At least, it would be, if his eggplant slices weren’t eating floor. “How are you supposed to even get these slippery bastards over to the tray? They just keep— fuck.”
“Just go slow,” Kelly Ann informs him with an aggravating amount of patience. “It’s not a race.”
“I am going slow,” he snaps, gingerly transferring his next slice to the rack. “There is no possible way I could be going slower. I’m going to be here for days just doing this. Years from now, archaeologists will find my body and wonder why I’m only halfway through—”
“If there was an Olympic event for complaining, you’d take gold five years running.” She can tease him as much as she like, but there’s no bite to it anymore, no sharp teeth waiting to take a nibble. No, he’s pretty sure that the stretch on her vowels means she’s smirking; the closest thing to a smile when she’s aimed in his direction. “Maybe you should be doing this for sex, it sounds like you might need—”
“You keep this up and I’ll ask Gayle when you’re thinking you’ll have round two.” His mouth is all teeth as he adds, “After all, Laila would make such a cute big sister.”
He can’t see her, but he can hear her seething on the other end of the line. “I know where you live.”
“It’s a fourteen hour drive at best and I’ve got Mom on speed dial.”
Her scowl radiates from the speaker. “Fine,” she grits out. “Guess I’ll just have to tell her we’re waiting until number two could have a playmate.”
Obi blinks down at her picture. “Huh, Toddy’s found some girl? That’s fast. He was single at—”
“I’m not talking about Toddy.”
There’s enough silence in the kitchen to make his ears ring. “…What?”
“Oh, come on, Obi,” Kelly Ann sighs, as if he’s the one being obtuse. “The only people you two were fooling at Christmas were yourselves. And now you’re spending a whole day pampering eggplant to impress her?”
“I had a day off,” he murmurs, knees suddenly as solid as his egg dredge. “And I don’t think battering and frying count as a spa day.”
Kelly Ann grunt, unconvinced. “Sure, sure, we can sit here and have you deflect all day. But when it comes down to it…you’re serious about her aren’t you?”

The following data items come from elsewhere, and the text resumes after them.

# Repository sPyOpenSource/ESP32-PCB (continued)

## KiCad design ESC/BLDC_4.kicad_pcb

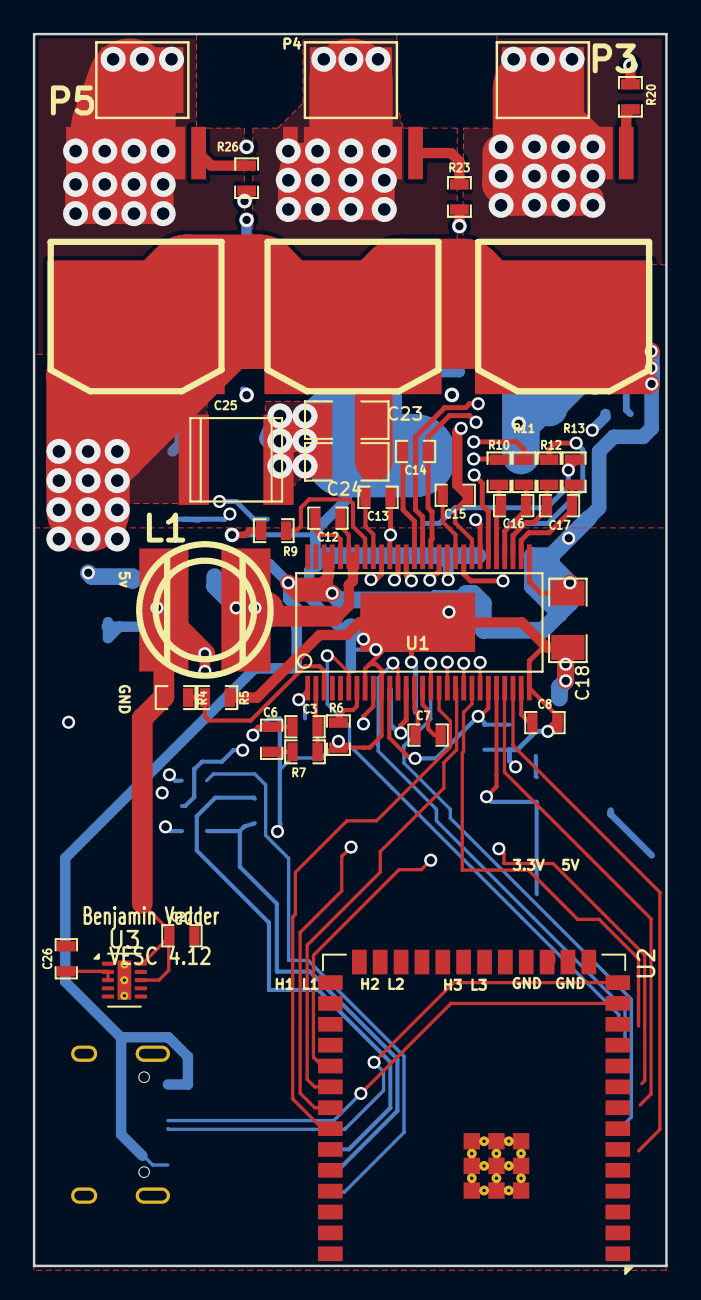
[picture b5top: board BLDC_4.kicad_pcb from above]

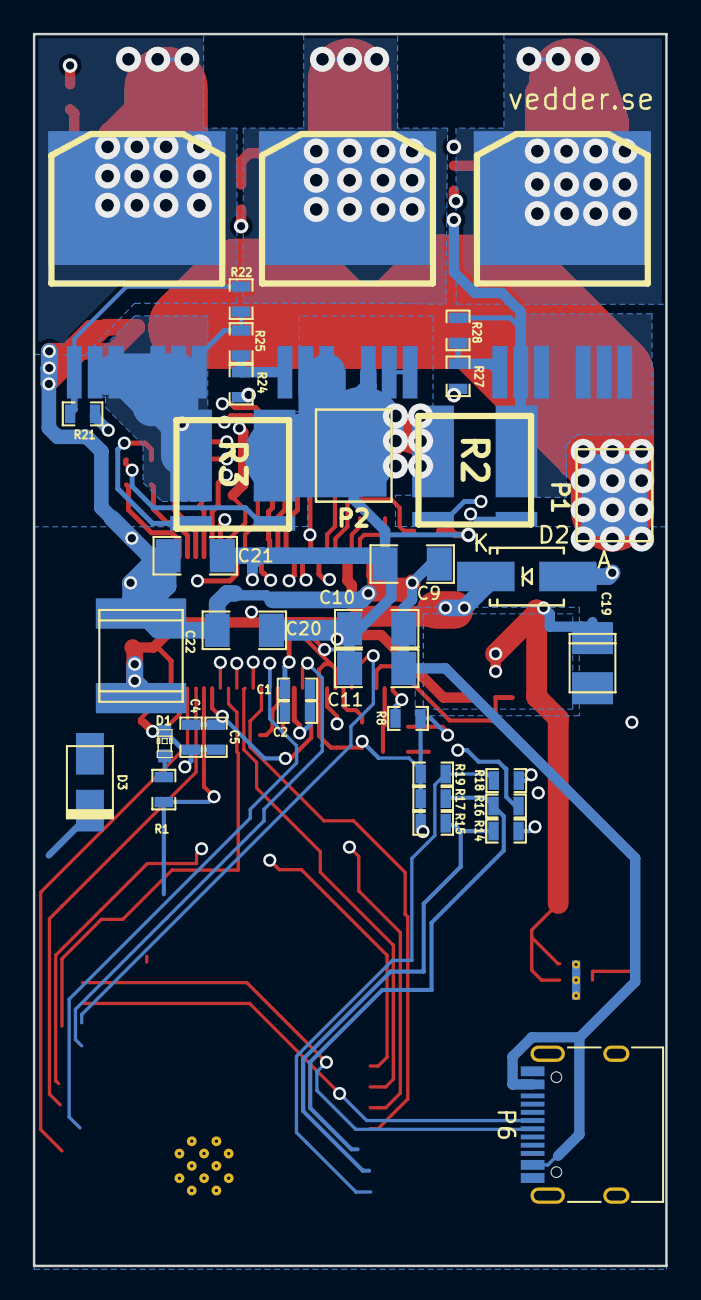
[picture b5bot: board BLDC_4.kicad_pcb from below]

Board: 4 copper layers, 38.5 x 75.0 mm, 74 parts (36 on the bottom side), 58 nets.

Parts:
C1, C2, C4, C5, C8: 2.2u; SMD-0603_c
C3: 120p; SMD-0603_c
C6: 6.8n; SMD-0603_c
C7: 22n; SMD-0603_c
C9, C10, C11, C18, C20, C21, C23, C24: 10u,50V; SMD-1206
C12: 100n; SMD-0603_c
C13, C14, C15: 220n; SMD-0603_c
C16, C17: 2.2n; SMD-0603_c
C19: 100u; c_tant_B
C22: 15u, 100v; c_2220
C25: 15u,100V; c_2220
C26, C27: C; SMD-0603_c
D1: LED; LED-0603
D2: DIODESCH; SMA_Handsoldering
D3: TVS 5V; do214ac
L1: 22u; inductor_smd_8x5mm
P1: IN+; 1PAD_4x5mm
P2: IN-; 1PAD_4x5mm
P3: MOTOR3; 1PAD_4x5mm
P4: MOTOR2; 1PAD_4x5mm
P5: MOTOR1; 1PAD_4x5mm
P6: USB_C_Plug_USB2.0; USB_C_Receptacle_HRO_TYPE-C-31-M-12
Q1, Q2, Q3, Q4, Q5, Q6: IRFS7530; D2PAK-7-GDS
R1, R15, R17, R19: 2k2; SMD-0603_r
R2, R3: SHUNT; WSLP2726
R4: 18k; SMD-0603_r
R5: 3k3; SMD-0603_r
R6: 10k; SMD-0603_r
R7: 15k; SMD-0603_r
R8: 220k; SMD-0603_r
R9: 1M; SMD-0603_r
R10, R11, R12, R13: 100R; SMD-0603_r
R14, R16, R18, R22, R25, R28: 39k; SMD-0603_r
R20, R21, R23, R24, R26, R27: 4R7; SMD-0603_r
U1: DRV8302; TSSOP-56-PP
U2: ESP32-S3-WROOM-2
U3: TPS62177DQC; WSON-10-1EP_2x3mm_P0.5mm_EP0.84x2.4mm_ThermalVias

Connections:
+5V: C19.1, C27.1, D3.2 (K), L1.2, R4.1, U3.8 (~SLEEP), U3.10 (VOS)
/Mosfet driver/H1_LOW: Q2.S, R3.2, R22.1, R25.1, U1.44 (SL_A)
/Mosfet driver/H1_VS: C13.1, P3.1, Q1.S, Q2.D, R18.1, U1.46 (SH_A)
/Mosfet driver/H2_VS: C14.1, P4.1, Q3.S, Q4.D, R16.1, U1.41 (SH_B)
/Mosfet driver/H3_LOW: Q6.S, R2.1, R28.1, U1.34 (SL_C)
/Mosfet driver/H3_VS: C15.1, P5.1, Q5.S, Q6.D, R14.1, U1.36 (SH_C)
/Mosfet driver/M_H1: R20.2, U1.47 (GH_A)
/Mosfet driver/M_H2: R23.2, U1.42 (GH_B)
/Mosfet driver/M_H3: R26.2, U1.37 (GH_C)
/Mosfet driver/M_L1: R21.2, U1.45 (GL_A)
/Mosfet driver/M_L2: R24.2, U1.40 (GL_B)
/Mosfet driver/M_L3: R27.2, U1.35 (GL_C)
/Mosfet driver/SH1_A: R2.3, R10.1
/Mosfet driver/SH1_B: R2.4, R11.1
/Mosfet driver/SH2_A: R3.4, R12.1
/Mosfet driver/SH2_B: R3.3, R13.1
EN: U1.16 (EN_GATE), U2.7 (IO7)
F: U1.6 (FAULT), U2.12 (IO8)
GND: C1.2, C2.2, C3.1, C4.1, C5.1, C6.1, C8.1, C9.2, C10.2, C11.2, C18.1, C19.2, C20.1, C21.1, C22.1, C23.1, C24.1, C25.1, C26.2, C27.2, D1.2 (K), D2.1 (A), D3.1 (A), P2.1, P6.A1 (GND), P6.A5 (CC), P6.A12 (GND), P6.B1 (GND), P6.B5 (VCONN), P6.B12 (GND), P6.S1 (SHIELD), Q4.S, R2.2, R3.1, R5.2, R6.2, R8.1, R9.1, R15.1, R17.1, R19.1, U1.8 (M_PWM), U1.10 (GAIN), U1.28 (AGND), U1.39 (SL_B), U1.57 (GND(POWER_PAD)), U3.1 (PGND), U3.5 (FB), U3.6 (AGND), U3.11 (PAD)
H1: U1.17 (INH_A), U2.34 (MTDI/IO41)
H2: U1.19 (INH_B), U2.32 (MTCK/IO39)
L1: U1.18 (INL_A), U2.33 (MTDO/IO40)
L2: U1.20 (INL_B), U2.31 (IO38)
unnamed: C6.2, R7.1
unnamed: D1.1 (A), R1.1
unnamed: C12.1, D2.2 (K), L1.1, U1.50 (PH), U1.51 (PH)
unnamed: P6.A6 (D+), U2.14 (USB_D+/IO20)
unnamed: P6.A7 (D-), U2.13 (USB_D-/IO19)
unnamed: Q1.G, R20.1
unnamed: Q2.G, R21.1, R22.2
unnamed: Q3.G, R23.1
unnamed: Q4.G, R24.1, R25.2
unnamed: Q5.G, R26.1
unnamed: Q6.G, R27.1, R28.2
unnamed: C8.2, U1.27 (AVDD)
unnamed: R9.2, U1.49 (BIAS)
unnamed: C13.2, U1.48 (BST_A)
unnamed: C14.2, U1.43 (BST_B)
unnamed: C12.2, U1.52 (BST_BK)
unnamed: C15.2, U1.38 (BST_C)
unnamed: C3.2, R7.2, U1.2 (COMP)
unnamed: C7.1, U1.14 (CP1)
unnamed: C7.2, U1.15 (CP2)
unnamed: R6.1, U1.7 (DTC)
unnamed: C4.2, C5.2, U1.11 (OC_ADJ), U1.23 (DVDD)
unnamed: C1.1, C2.1, U1.13 (GVDD)
unnamed: R8.2, U1.1 (RT_CLK)
unnamed: C16.1, R10.2, U1.33 (SN1)
unnamed: C17.1, R12.2, U1.31 (SN2)
unnamed: C16.2, R11.2, U1.32 (SP1)
unnamed: C17.2, R13.2, U1.30 (SP2)
unnamed: R4.2, R5.1, U1.3 (VSENSE)
unnamed: U2.1 (GND), U2.40 (GND), U2.41 (GND)
S1: R14.2, R15.2
S2: R16.2, R17.2
S3: R18.2, R19.2
VCC: R1.2, U1.9 (M_OC), U1.24 (REF)
V_SUPPLY: C9.1, C10.1, C11.1, C18.2, C20.2, C21.2, C22.2, C23.2, C24.2, C25.2, C26.1, P1.1, P6.A4 (VBUS), P6.A9 (VBUS), P6.B4 (VBUS), P6.B9 (VBUS), Q1.D, Q3.D, Q5.D, U1.29 (PVDD1), U1.53 (PVDD2), U1.54 (PVDD2), U3.2 (VIN), U3.3 (EN)

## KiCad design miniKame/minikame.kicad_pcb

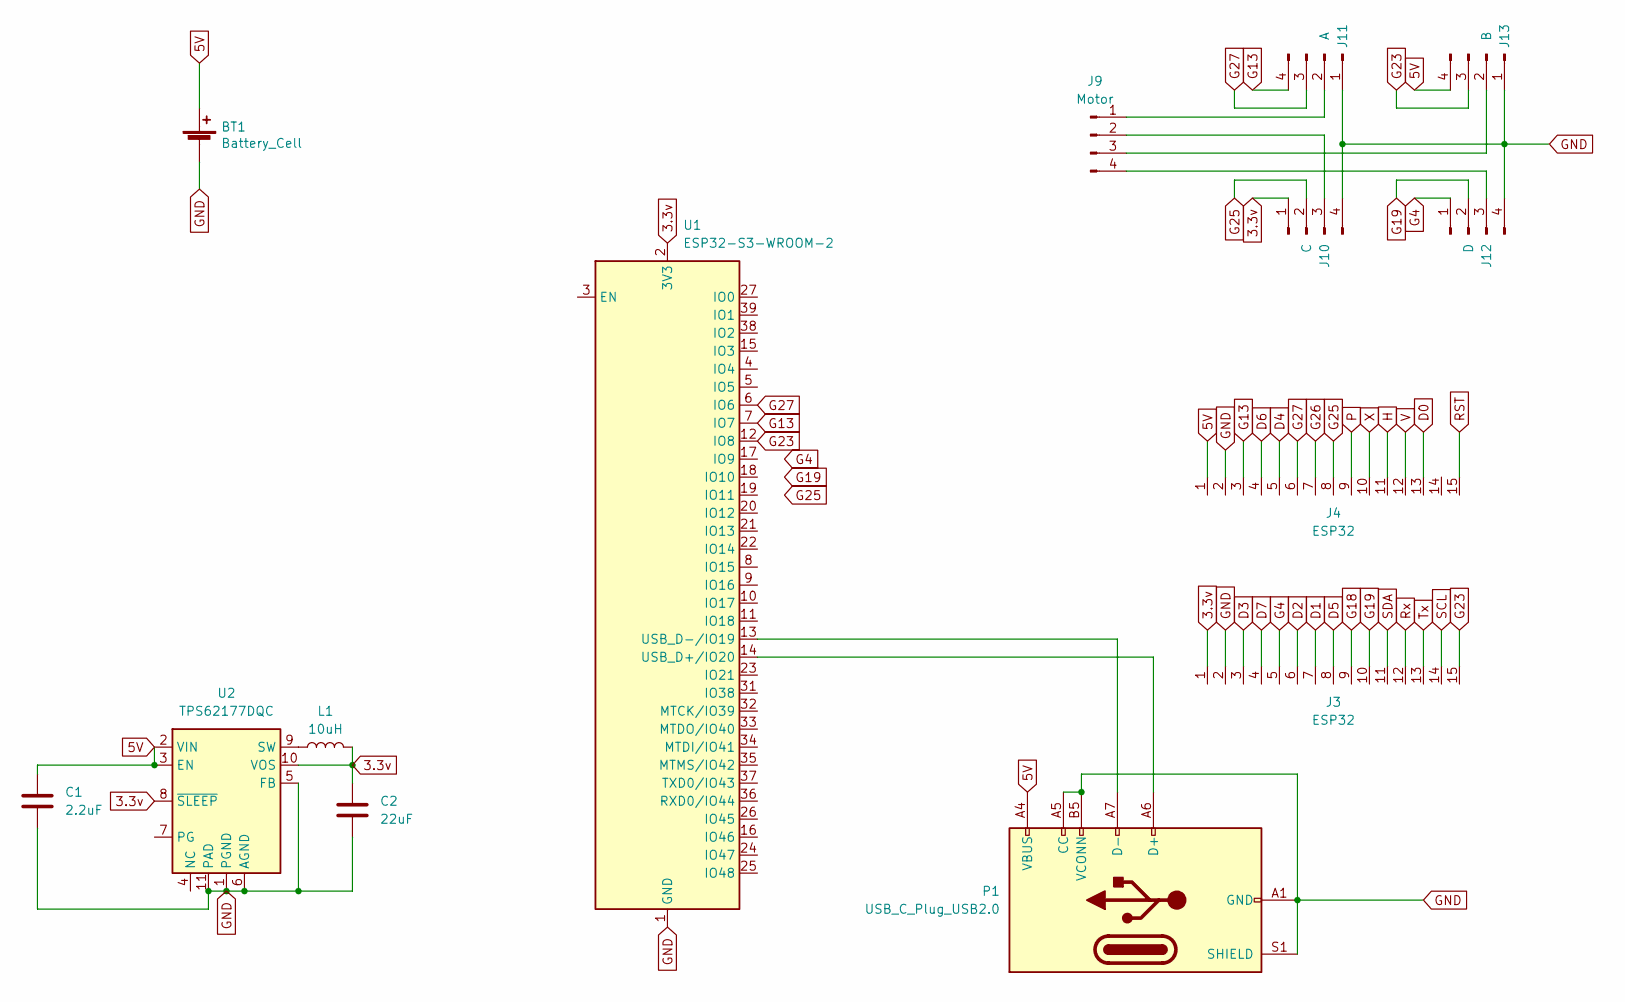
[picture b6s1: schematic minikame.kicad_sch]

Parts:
BT1: Battery_Cell; 1210
C1: 2.2uF; 0603
C2: 22uF; 0603
J3, J4: ESP32; PinHeader_1x15_P2.54mm_Vertical
J9: Motor
J10: C; 0603
J11: A
J12: D
J13: B
L1: 10uH
P1: USB_C_Plug_USB2.0; USB_C_Receptacle_HRO_TYPE-C-31-M-12
U1: ESP32-S3-WROOM-2
U2: TPS62177DQC; WSON-10-1EP_2x3mm_P0.5mm_EP0.84x2.4mm_ThermalVias

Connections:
3.3v: C2.1, J3.1, J10.1, L1.2, U1.2 (3V3), U2.8 (~SLEEP), U2.10 (VOS)
5V: BT1.1 (+), C1.1, J4.1, J13.4, P1.A4 (VBUS), P1.A9 (VBUS), P1.B4 (VBUS), P1.B9 (VBUS), U2.2 (VIN), U2.3 (EN)
D0: J4.13
D1: J3.7
D2: J3.6
D3: J3.3
D4: J4.5
D5: J3.8
D6: J4.4
D7: J3.4
G4: J3.5, J12.1
G13: J4.3, J11.4, U1.7 (IO7)
G18: J3.9
G19: J3.10, J12.2
G23: J3.15, J13.3, U1.12 (IO8)
G25: J4.8, J10.2
G26: J4.7
G27: J4.6, J11.3, U1.6 (IO6)
GND: BT1.2 (-), C1.2, C2.2, J3.2, J4.2, J10.4, J11.1, J12.4, J13.1, P1.A1 (GND), P1.A5 (CC), P1.A12 (GND), P1.B1 (GND), P1.B5 (VCONN), P1.B12 (GND), P1.S1 (SHIELD), U1.1 (GND), U1.40 (GND), U1.41 (GND), U2.1 (PGND), U2.5 (FB), U2.6 (AGND), U2.11 (PAD)
H: J4.11
unnamed: J9.2, J10.3
unnamed: J9.1, J11.2
unnamed: J9.4, J12.3
unnamed: J9.3, J13.2
unnamed: P1.A6 (D+), U1.14 (USB_D+/IO20)
unnamed: P1.A7 (D-), U1.13 (USB_D-/IO19)
unnamed: L1.1, U2.9 (SW)
P: J4.9
RST: J4.15
Rx: J3.12
SCL: J3.14
SDA: J3.11
Tx: J3.13
V: J4.12
X: J4.10

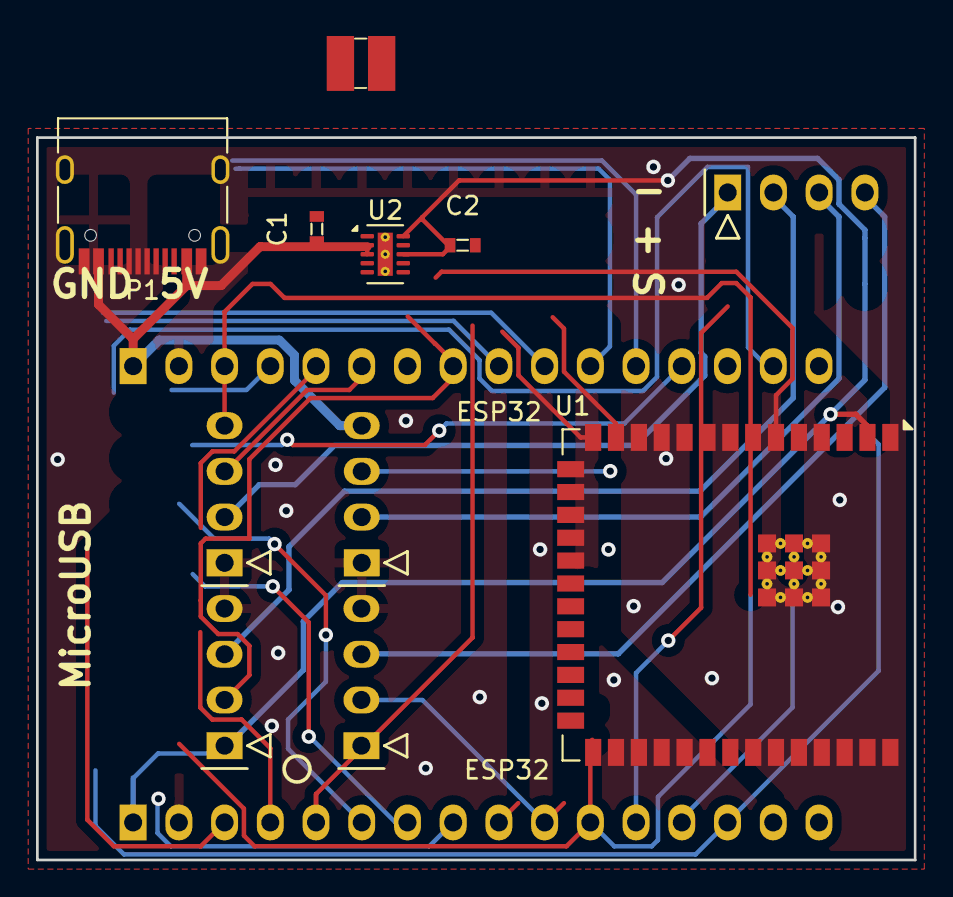
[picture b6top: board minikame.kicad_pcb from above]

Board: 2 copper layers, 48.8 x 40.1 mm, 13 parts (0 on the bottom side), 15 nets.

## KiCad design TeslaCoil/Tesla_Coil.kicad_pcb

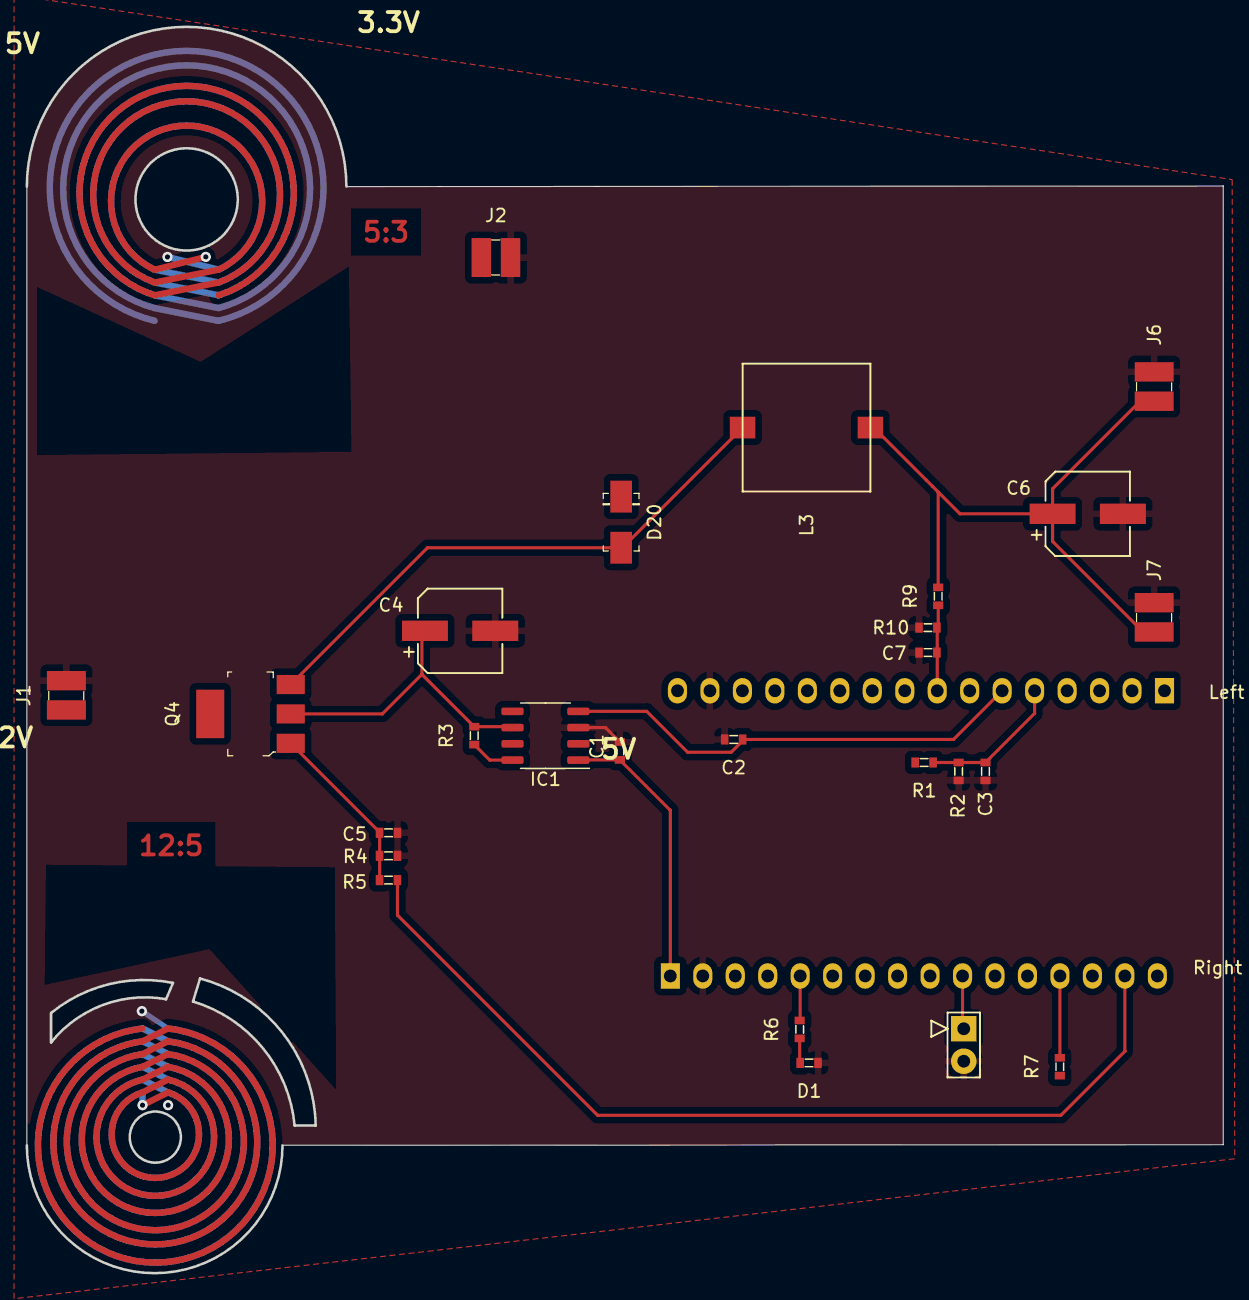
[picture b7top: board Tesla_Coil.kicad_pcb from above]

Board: 4 copper layers, 93.6 x 97.5 mm, 28 parts (0 on the bottom side), 15 nets.

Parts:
C1, C2, C3, C7: 0.1uF; 0603
C4: 100uF; Cpol-6.3x7.7
C5: 1nF; 0603
C6: 220uF; Cpol-6.3x7.7
D1: COMMS; 0603
D20: D_Schottky; DO-214AC
IC1: MAX4173H; SO-8_3.9x4.9mm_P1.27mm
J1: SOLAR_INPUT; 1210
J2: SOLAR_OUTPUT; 1210
J3: Left; PIN16
J4: Right; PIN16
J6: BATTERY_INPUT; 1210
J7: BATTERY_OUTPUT; 1210
L3: 33uH; 7447779139
Q4: IRFIZ44N; SOT-223
R1, R4, R9: 10k; 0603
R2, R6, R10: 560R; 0603
R3: 0.005R; 0603
R5: 100R; 0603
R7: 220R; 0603
RX1: GPIO; PIN2

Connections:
+3V3: C1.1, IC1.1 (VCC), J4.1
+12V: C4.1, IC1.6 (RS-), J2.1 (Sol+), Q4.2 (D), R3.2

As a heart attack. Which would be fine, if they weren’t barely two months in to the longest relationship of his life. “I think it’s a little soon to say that, uh…”
“That you love her?” His heart beats so loud in his ears he can hardly hear her ask, “You do, don’t you? Love her?”
“Yeah.” It’s a miracle he can even speak with his mouth this dry. “Of course I do.”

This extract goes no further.